Still, play it safe. ANC has good advice.


----------



## CrackerJax (Feb 19, 2010)

Think of Opium as that "special occasion" drug. Don't forget that every day you do Opium is a day you lose. Don't throw too many away.... the quantity available is ... unknown.


----------



## ANC (Feb 19, 2010)

But this is also why I recommend growing a few poppies yourself, you have a small fixed amount when you are done, and no access to more till the next season.


----------



## CrackerJax (Feb 19, 2010)

I agree completely. Just take it seriously folks....Opium is a fickled mistress and if ur not careful will OWN you. Oh .... and no sex either.

It's to be dabbled in ... no more.


----------



## donthatetaylor (Feb 25, 2010)

well, i got tired of the tea and tried to make some poppy pod puddy. i thought it made a very nice smokable. i don't know why everyone is hating on it so much. put a little on my bowl pack lit up and laid on my bed listening to music all day. very enjoyable.


----------



## CrackerJax (Feb 25, 2010)

No one is hating on it. It's about RESPECTING Opium. If you don't ... it will own you.


----------



## d.c. beard (Feb 25, 2010)

donthatetaylor said:


> well, i got tired of the tea and tried to make some poppy pod puddy. i thought it made a very nice smokable. i don't know why everyone is hating on it so much. put a little on my bowl pack lit up and laid on my bed listening to music all day. very enjoyable.

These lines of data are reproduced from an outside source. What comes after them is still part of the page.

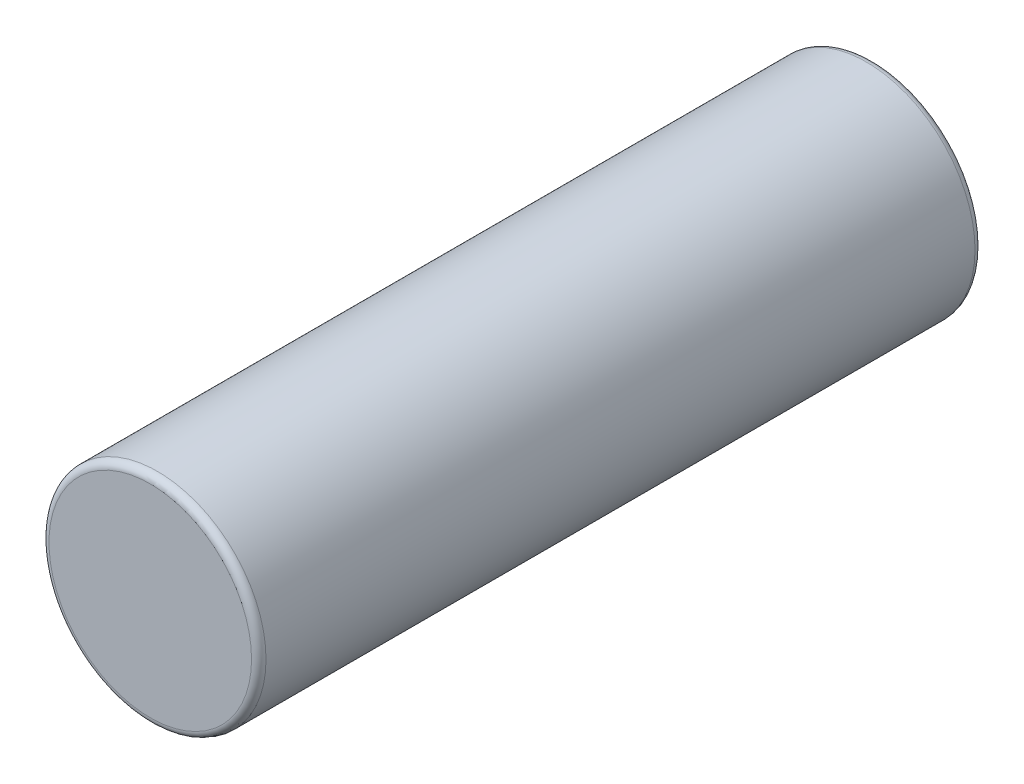
ISO-10303-21;
HEADER;
FILE_DESCRIPTION(('STEP AP214'),'2;1');
FILE_NAME('part.step','',(''),(''),'','','');
FILE_SCHEMA(('AUTOMOTIVE_DESIGN { 1 0 10303 214 1 1 1 1 }'));
ENDSEC;
DATA;
#1=APPLICATION_CONTEXT('core data for automotive mechanical design processes');
#2=APPLICATION_PROTOCOL_DEFINITION('international standard','automotive_design',2000,#1);
#3=PRODUCT_CONTEXT('',#1,'mechanical');
#4=PRODUCT('Part','Part','',(#3));
#5=PRODUCT_RELATED_PRODUCT_CATEGORY('part','',(#4));
#6=PRODUCT_DEFINITION_FORMATION('','',#4);
#7=PRODUCT_DEFINITION_CONTEXT('part definition',#1,'design');
#8=PRODUCT_DEFINITION('design','',#6,#7);
#9=PRODUCT_DEFINITION_SHAPE('','',#8);
#10=(LENGTH_UNIT() NAMED_UNIT(*) SI_UNIT(.MILLI.,.METRE.));
#11=(NAMED_UNIT(*) PLANE_ANGLE_UNIT() SI_UNIT($,.RADIAN.));
#12=(NAMED_UNIT(*) SI_UNIT($,.STERADIAN.) SOLID_ANGLE_UNIT());
#13=UNCERTAINTY_MEASURE_WITH_UNIT(LENGTH_MEASURE(1.E-05),#10,'distance_accuracy_value','');
#14=(GEOMETRIC_REPRESENTATION_CONTEXT(3) GLOBAL_UNCERTAINTY_ASSIGNED_CONTEXT((#13)) GLOBAL_UNIT_ASSIGNED_CONTEXT((#10,
#11,#12)) REPRESENTATION_CONTEXT('',''));
#15=CARTESIAN_POINT('',(0.,0.,0.));
#16=DIRECTION('',(0.,0.,1.));
#17=DIRECTION('',(1.,0.,0.));
#18=AXIS2_PLACEMENT_3D('',#15,#16,#17);
#19=CARTESIAN_POINT('',(0.,0.,10.));
#20=DIRECTION('',(0.,0.,-1.));
#21=DIRECTION('',(-1.,0.,0.));
#22=AXIS2_PLACEMENT_3D('',#19,#20,#21);
#23=CYLINDRICAL_SURFACE('',#22,1.5);
#24=CARTESIAN_POINT('',(0.,0.,0.0999999999999994));
#25=DIRECTION('',(0.,0.,1.));
#26=DIRECTION('',(1.,0.,0.));
#27=AXIS2_PLACEMENT_3D('',#24,#25,#26);
#28=CIRCLE('',#27,1.5);
#29=CARTESIAN_POINT('',(1.5,0.,0.0999999999999994));
#30=VERTEX_POINT('',#29);
#31=EDGE_CURVE('E50',#30,#30,#28,.T.);
#32=ORIENTED_EDGE('',*,*,#31,.T.);
#33=EDGE_LOOP('',(#32));
#34=FACE_BOUND('',#33,.T.);
#35=CARTESIAN_POINT('',(0.,0.,9.9));
#36=DIRECTION('',(0.,0.,1.));
#37=DIRECTION('',(1.,0.,0.));
#38=AXIS2_PLACEMENT_3D('',#35,#36,#37);
#39=CIRCLE('',#38,1.5);
#40=CARTESIAN_POINT('',(1.5,0.,9.9));
#41=VERTEX_POINT('',#40);
#42=EDGE_CURVE('E54',#41,#41,#39,.F.);
#43=ORIENTED_EDGE('',*,*,#42,.T.);
#44=EDGE_LOOP('',(#43));
#45=FACE_BOUND('',#44,.T.);
#46=ADVANCED_FACE('F39',(#34,#45),#23,.T.);
#47=CARTESIAN_POINT('',(0.,0.,10.));
#48=DIRECTION('',(0.,0.,1.));
#49=DIRECTION('',(1.,0.,0.));
#50=AXIS2_PLACEMENT_3D('',#47,#48,#49);
#51=PLANE('',#50);
#52=CARTESIAN_POINT('',(0.,0.,10.));
#53=DIRECTION('',(0.,0.,1.));
#54=DIRECTION('',(1.,0.,0.));
#55=AXIS2_PLACEMENT_3D('',#52,#53,#54);
#56=CIRCLE('',#55,1.4);
#57=CARTESIAN_POINT('',(1.4,0.,10.));
#58=VERTEX_POINT('',#57);
#59=EDGE_CURVE('E10',#58,#58,#56,.T.);
#60=ORIENTED_EDGE('',*,*,#59,.T.);
#61=EDGE_LOOP('',(#60));
#62=FACE_BOUND('',#61,.T.);
#63=ADVANCED_FACE('F70',(#62),#51,.T.);
#64=CARTESIAN_POINT('',(0.,0.,0.));
#65=DIRECTION('',(0.,0.,1.));
#66=DIRECTION('',(1.,0.,0.));
#67=AXIS2_PLACEMENT_3D('',#64,#65,#66);
#68=PLANE('',#67);
#69=CARTESIAN_POINT('',(0.,0.,0.));
#70=DIRECTION('',(0.,0.,1.));
#71=DIRECTION('',(1.,0.,0.));
#72=AXIS2_PLACEMENT_3D('',#69,#70,#71);
#73=CIRCLE('',#72,1.4);
#74=CARTESIAN_POINT('',(1.4,0.,0.));
#75=VERTEX_POINT('',#74);
#76=EDGE_CURVE('E46',#75,#75,#73,.F.);
#77=ORIENTED_EDGE('',*,*,#76,.T.);
#78=EDGE_LOOP('',(#77));
#79=FACE_BOUND('',#78,.T.);
#80=ADVANCED_FACE('F67',(#79),#68,.F.);
#81=CARTESIAN_POINT('',(0.,0.,0.0999999999999994));
#82=DIRECTION('',(0.,0.,1.));
#83=DIRECTION('',(1.,0.,0.));
#84=AXIS2_PLACEMENT_3D('',#81,#82,#83);
#85=TOROIDAL_SURFACE('',#84,1.4,0.1);
#86=ORIENTED_EDGE('',*,*,#76,.F.);
#87=EDGE_LOOP('',(#86));
#88=FACE_BOUND('',#87,.T.);
#89=ORIENTED_EDGE('',*,*,#31,.F.);
#90=EDGE_LOOP('',(#89));
#91=FACE_BOUND('',#90,.T.);
#92=ADVANCED_FACE('F63',(#88,#91),#85,.T.);
#93=CARTESIAN_POINT('',(0.,0.,9.9));
#94=DIRECTION('',(0.,0.,1.));
#95=DIRECTION('',(1.,0.,0.));
#96=AXIS2_PLACEMENT_3D('',#93,#94,#95);
#97=TOROIDAL_SURFACE('',#96,1.4,0.1);
#98=ORIENTED_EDGE('',*,*,#42,.F.);
#99=EDGE_LOOP('',(#98));
#100=FACE_BOUND('',#99,.T.);
#101=ORIENTED_EDGE('',*,*,#59,.F.);
#102=EDGE_LOOP('',(#101));
#103=FACE_BOUND('',#102,.T.);
#104=ADVANCED_FACE('F41',(#100,#103),#97,.T.);
#105=CLOSED_SHELL('',(#46,#63,#80,#92,#104));
#106=MANIFOLD_SOLID_BREP('B2',#105);
#107=ADVANCED_BREP_SHAPE_REPRESENTATION('',(#18,#106),#14);
#108=SHAPE_DEFINITION_REPRESENTATION(#9,#107);
ENDSEC;
END-ISO-10303-21;

Sorry Don, this is now the 'Opium will own you' thread. lol

How'd you make the pod putty? Which was stronger, the tea or the putty? Which method do you think gave you more yield by weight? *curious*


----------



## CrackerJax (Feb 25, 2010)

Okay...be dismissive of a massively addictive substance.... I will pass you by on the street and not even give you a dollar.


----------



## d.c. beard (Feb 25, 2010)

CrackerJax said:


> Okay...be dismissive of a massively addictive substance.... I will pass you by on the street and not even give you a dollar.


Dude, I'm not going to go back and forth with ya like the last couple of guys. I've prob done _at least_ as many opiates as you in my lifetime, and no offense but I for one certainly don't need to be schooled about opiates. lol

I'm pretty sure after the last several pages of this that everyone has got your point, and there's no need to be the karma police anymore.


----------



## shepj (Feb 25, 2010)

We understand they are dangerous and addictive... just make sure next time you go to the doctor's office and to the pharmacy, that you lecture them about it.


----------



## CrackerJax (Feb 25, 2010)

You have both now posted you do get it... that's good.

I post for all the folks viewing and not posting. Several ppl have likened Opium to a walk in the park. It isn't. It needs to be handled like dynamite...with care.

*The more Opium at your disposal, the greater chance of you becoming addicted.*


----------



## worm5376 (Feb 25, 2010)

Opium/opiates is a beautiful drug, however not to be taken lightly. Spread your doses a week apart atleast.

Its easy to overdue something that wraps you in a warm fuzzy blanket. Just be careful.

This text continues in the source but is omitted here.